Joanna Mountain, senior director of research at 23andMe, told PCWorld in an interview that the Global Genetics Project has already exceeded its original two-year goal of collecting 5,000 samples in less than a year.
“We really have captured the genetic diversity of the world in a way that I would never have imagined 20 years ago,” Mountain said.
Mountain said 23andMe is also collaborating with researchers and academics to gather more data and better educate the world about genetic science.
“Many people in this country and beyond have very little understanding of genetics and concerns about privacy,” Mountain said. “So there is a lot of education to be done.”
Mountain said 23andMe noticed early on that there was a bias in its reference sample data because they had more U.S. customers. “We have more representatives of Italy than we have of Devon, [South Africa], for instance, which is not surprising given our customer base.”

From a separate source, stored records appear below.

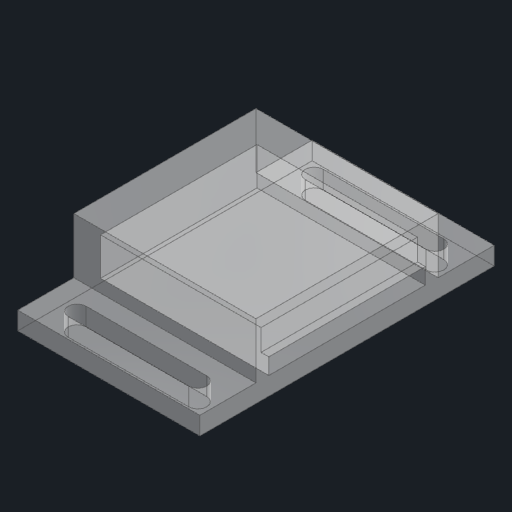
# Autodesk Inventor part: bottom
Saved by Autodesk Inventor 2023 (Build 270158030, 158C)
## iProperties
Created: 2022-07-13
Part Number: bottom
Material: SAN Plastic
Document SubType Name: Modeling
Designer: Norbert Ligas
Density: 1.068 g/cm^3
Appearance: Polycarbonate - Clear
width: 30,500 mm
length: 49,300 mm
opening_width: 3,000 mm
opening_length: 23,200 mm
opening_distance_to_edge: 3,300 mm
camera_box_width: 30,500 mm
thickness: 3,000 mm
inside_width: 26,200 mm
height: 12,300 mm
Author: Norbert Ligas
Autodesk Inventor part; units mm, degrees
ref_plane "YZ Plane" through (0, 0, 0) normal (1, 0, 0) x (0, 1, 0)
ref_plane "XZ Plane" through (0, 0, 0) normal (0, 1, 0) x (-1, 0, 0)
ref_plane "XY Plane" through (0, 0, 0) normal (0, 0, 1) x (1, 0, 0)
sketch "Sketch1" plane through (0, 0, 0) normal (0, 1, 0) x (-1, 0, 0)
  line L0 (15.25, -24.65) -> (-15.25, -24.65)
  line L1 (-15.25, -24.65) -> (-15.25, 24.65)
  line L2 (-15.25, 24.65) -> (15.25, 24.65)
  line L3 (15.25, 24.65) -> (15.25, -24.65)
  line L4 (15.25, -24.65) -> (-15.25, 24.65) construction
  line L5 (-15.25, -24.65) -> (15.25, 24.65) construction
  circle A0 centre (10.1, 19.85) radius 1.5
  circle A1 centre (-10.1, 19.85) radius 1.5
  line L6 (10.1, 21.35) -> (-10.1, 21.35)
  circle A2 centre (10.1, -19.85) radius 1.5
  circle A3 centre (-10.1, -19.85) radius 1.5
  line L7 (10.1, -21.35) -> (-10.1, -21.35)
  line L8 (21.35, 0) -> (-21.35, 0) construction
  line L9 (10.1, -18.35) -> (-10.1, -18.35)
  line L10 (10.1, 18.35) -> (-10.1, 18.35)
  line L11 (15.25, -15.25) -> (-15.25, -15.25)
  line L12 (-15.25, -15.25) -> (-15.25, 15.25)
  line L13 (-15.25, 15.25) -> (15.25, 15.25)
  line L14 (15.25, 15.25) -> (15.25, -15.25)
  line L15 (15.25, -15.25) -> (-15.25, 15.25) construction
  line L16 (-15.25, -15.25) -> (15.25, 15.25) construction
  line L17 (0, -34.51) -> (0, 34.51) projected
  point P0 (0, 0)
  dimension "d11" = 49.3
  dimension "d12" = 30.5
  dimension "d13" = 23.2
  dimension "d14" = 3
  dimension "d15" = 3.3
  dimension "d16" = 30.5
  constraints: 32 end point, 8 point on circle, 8 tangent, 6 parallel, 4 centre point, 4 midpoint, 2 horizontal, 2 perpendicular, 1 equal radius, 1 point on line, 1 symmetric about line, 4 other
  measures "d11" distance between parallel lines of L0 L2
  measures "d12" distance between parallel lines of L1 L3
  measures "d14" distance between parallel lines of L10 L6
  measures "d15" distance between parallel lines of L6 L2
  measures "d16" distance between parallel lines of L11 L13
extrude "Extrusion1" add sketch "Sketch1" along normal blind 3 contours L0 L17 L7 A2 L9 L11 L3 | L0 L1 L11 L17 L9 A3 L7 | L11 L17 L13 L3 | L13 L17 L10 A0 L6 L2 L3 | L11 L1 L13 L17 | L13 L1 L2 L17 L6 A1 L10
extrude "Extrusion2" add sketch "Sketch1" along normal blind 12.3 contours L11 L17 L13 L3 | L11 L1 L13 L17
sketch "Sketch2" plane through (0, 12.3, 0) normal (0, 1, 0) x (1, 0, 0)
  line L0 (12.9324, 13.1) -> (-12.9324, 13.1)
  line L1 (-12.9324, 13.1) -> (-12.9324, -13.1)
  line L2 (-12.9324, -13.1) -> (12.9324, -13.1)
  line L3 (12.9324, -13.1) -> (12.9324, 13.1)
  line L4 (12.9324, 13.1) -> (-12.9324, -13.1) construction
  line L5 (-12.9324, 13.1) -> (12.9324, -13.1) construction
  point P0 (0, 0)
  dimension "d21" = 26.2
  constraints: 12 end point, 2 midpoint, 2 parallel, 1 horizontal, 1 perpendicular
  measures "d21" distance between parallel lines of L0 L2
extrude "Extrusion3" cut sketch "Sketch2" against normal blind 9.3
sketch "Sketch3" plane through (12.9324, 12.3, -13.1) normal (-1, 0, 0) x (0, 0, 1)
  line L0 (26.2, 0) -> (26.2, -9.3) projected
  line L1 (26.2, -9.3) -> (0, -9.3) projected
  line L2 (0, 0) -> (0, -9.3) projected
  line L3 (-2.15, 0) -> (28.35, 0) projected
  line L4 (0, 0) -> (26.2, 0) projected
  line L5 (26.2, 0) -> (0, 0)
  line L6 (0, 0) -> (0, -9.3)
  line L7 (0, -9.3) -> (26.2, -9.3)
  line L8 (26.2, -9.3) -> (26.2, 0)
  point P0 (13.1, -12.3)
  constraints: 8 end point, 2 parallel, 1 horizontal, 1 perpendicular
extrude "Extrusion4" cut sketch "Sketch3" against normal through all
sketch "Sketch6" plane through (0, 12.3, 0) normal (0, 1, 0) x (1, 0, 0)
  line L0 (-15.25, 15.25) -> (-15.25, -15.25) projected
  line L1 (15.25, 15.25) -> (15.25, 24.65) projected
  line L2 (-15.25, -15.25) -> (15.25, -15.25)
  line L3 (15.25, -15.25) -> (15.25, 15.25)
  line L4 (15.25, 15.25) -> (-15.25, 15.25)
  line L5 (-15.25, 15.25) -> (-15.25, -15.25)
  point P0 (0, 0)
  constraints: 8 end point, 2 parallel, 1 horizontal, 1 perpendicular
extrude "Extrusion5" add sketch "Sketch6" against normal blind 3
sketch "Sketch7" plane through (0, 9.3, 0) normal (0, -1, 0) x (1, 0, 0)
  line L0 (15.25, 15.25) -> (15.25, -15.25) projected
  line L1 (-15.25, 15.25) -> (15.25, 15.25) projected
  line L2 (15.25, -15.25) -> (13.95, -15.25)
  line L3 (13.95, -15.25) -> (13.95, 15.25)
  line L4 (13.95, 15.25) -> (15.25, 15.25)
  line L5 (15.25, 15.25) -> (15.25, -15.25)
  line L6 (-15.25, -24.65) -> (-15.25, 24.65) projected
  point P0 (0, 0)
  dimension "d29" = 29.2
  constraints: 8 end point, 2 parallel, 1 horizontal, 1 perpendicular, 1 point on line
  measures "d29" distance between parallel lines of L3 L6
extrude "Extrusion6" add sketch "Sketch7" along normal blind 3.6
equation "\"d11\" = length"
equation "\"d12\" = width"
equation "\"d13\" = opening_length"
equation "\"d14\" = opening_width"
equation "\"d15\" = opening_distance_to_edge"
equation "\"d16\" = camera_box_width"
equation "\"d17\" = thickness"
equation "\"d19\" = height"
equation "\"d21\" = inside_width"
equation "\"d22\" = height - thickness"
equation "\"d26\" = thickness"
equation "\"d29\" = inside_width + thickness"
equation "\"d30\" = 1.2 * thickness"
equation "\"width\" = 30.5"
equation "\"length\" = 49.3"
equation "\"opening_width\" = 3"
equation "\"opening_length\" = 23.2"
equation "\"opening_distance_to_edge\" = 3.3"
equation "\"camera_box_width\" = 30.5"
equation "\"thickness\" = 3"
equation "\"inside_width\" = 26.2"
equation "\"height\" = 12.3"
body "Solid1"
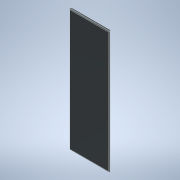
# Autodesk Inventor part: Base 2
Saved by Autodesk Inventor 2021 (Build 250183000, 183)
## iProperties
Created: 2021-06-29
Part Number: Base 2
Material: Iron, Gray
Document SubType Name: Modeling
Designer: Manojgouda K R
Density: 7.15 g/cm^3
Appearance: Iron Gray
Author: Manojgouda K R
Autodesk Inventor part; units mm, degrees
ref_plane "YZ Plane" through (0, 0, 0) normal (1, 0, 0) x (0, 1, 0)
ref_plane "XZ Plane" through (0, 0, 0) normal (0, 1, 0) x (-1, 0, 0)
ref_plane "XY Plane" through (0, 0, 0) normal (0, 0, 1) x (1, 0, 0)
sketch "Sketch1" plane through (0, 0, 0) normal (0, 0, 1) x (1, 0, 0)
  line L0 (0, 0) -> (10.42, 0)
  line L1 (10.42, 0) -> (10.42, -32)
  line L2 (10.42, -32) -> (0, -32)
  line L3 (0, -32) -> (0, 0)
  dimension "d0" = 10.42
  dimension "d1" = 32
  constraints: 8 end point, 2 parallel, 1 horizontal, 1 perpendicular
  measures "d0" distance of L1.end L2.end
  measures "d1" distance of L0.end L1.end
extrude "Extrusion1" add sketch "Sketch1" along normal blind 0.5
fillet "Fillet1" radius 0.2 6 edges at (5.21, 0, 0.5) (5.21, -32, 0.5) (10.42, -16, 0) (10.42, -16, 0.5) (0, -16, 0) (0, -16, 0.5)
body "Solid1"
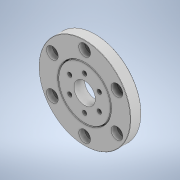
# Autodesk Inventor part: CRBTF105AT
Saved by Autodesk Inventor 2020.4 (Build 244396000, 396)
## iProperties
Created: 2021-09-21
Part Number: CRBTF105AT
Material: 一般
Document SubType Name: Modeling
Designer: Masato
Density: 1 g/cm^3
Appearance: 既定
Author: Masato
Autodesk Inventor part; units mm, degrees
ref_plane "YZ Plane" through (0, 0, 0) normal (1, 0, 0) x (0, 1, 0)
ref_plane "XZ Plane" through (0, 0, 0) normal (0, 1, 0) x (-1, 0, 0)
ref_plane "XY Plane" through (0, 0, 0) normal (0, 0, 1) x (1, 0, 0)
sketch "スケッチ1" plane through (0, 0, 0) normal (0, 0, 1) x (1, 0, 0)
  circle A0 centre (0, 0) radius 21.5
  circle A1 centre (0, 0) radius 5
  circle A2 centre (0, 0) radius 12.6
  circle A3 centre (0, 0) radius 12.1
  line L0 (0, 21.5) -> (0, 0) construction
  circle A4 centre (0, 17.5) radius 2.75
  circle A5 centre (-15.1554, 8.75) radius 2.75
  circle A6 centre (-15.1554, -8.75) radius 2.75
  circle A7 centre (0, -17.5) radius 2.75
  circle A8 centre (15.1554, -8.75) radius 2.75
  circle A9 centre (15.1554, 8.75) radius 2.75
  point P0 (0, 8)
  point P1 (-6.9282, 4)
  point P2 (-6.9282, -4)
  point P3 (0, -8)
  point P4 (6.9282, -4)
  point P5 (6.9282, 4)
  dimension "d0" = 43
  dimension "d1" = 10
  dimension "d2" = 25.2
  dimension "d3" = 24.2
  dimension "d4" = 8
  dimension "d5" = 17.5
  dimension "d10" = 5.5
  dimension "d13" = 360
  constraints: 10 coincident, 9 centre point, 2 end point, 2 point on line, 1 vertical, 1 vertical alignment, 27 other
  measures "d1" diameter of A1
  measures "d2" diameter of A2
  measures "d3" diameter of A3
  measures "d4" distance of point (0, 0) point (0, 8)
  measures "d5" distance of point (0, 0) point (0, 17.5)
  measures "d10" diameter of A4
extrude "押し出し1" add sketch "スケッチ1" along normal blind 5
extrude "押し出し2" add sketch "スケッチ1" along normal blind 2.2 contours A4 | A5 | A6 | A7 | A8 | A9
hole "穴1" at (0, 17.5, 0) at (15.1554, 8.75, 0) at (15.1554, -8.75, 0) at (0, -17.5, 0) at (-15.1554, -8.75, 0) at (-15.1554, 8.75, 0) direction (0, 0, 1) diameter 2.9 end through all
hole "穴2" at (0, 8, 0) at (-6.9282, 4, 0) at (-6.9282, -4, 0) at (0, -8, 0) at (6.9282, -4, 0) at (6.9282, 4, 0) direction (0, 0, 1) diameter 2.013 end through all thread size "M2.5x0.45" class "6H" standard "ISO Metric profile"
fillet "フィレット1" radius 0.15 2 edges at (-21.5, 0, 5) (-21.5, 0, 0)

But she said that doesn’t always mean 23andMe is less detailed for people of non-European descent. Someone from Mexico could learn about both their indigenous and Spanish ancestry, for example.
“It varies so much from person to person depending on your family’s history,” Mountain said. “You could at a very crude level say that Europeans might get a bit more detail, but that’s going to be very much variable.”
The good news is that 23andMe and AncestryDNA are regularly updating their models to improve the accuracy and detail of their tests.
“We are going to be looking where people get less detail and working to fill those gaps and to provide more detail to as many people as we can,” 23andMe’s Mountain said. “So that’s going to be something we continue to push on in the next five years.”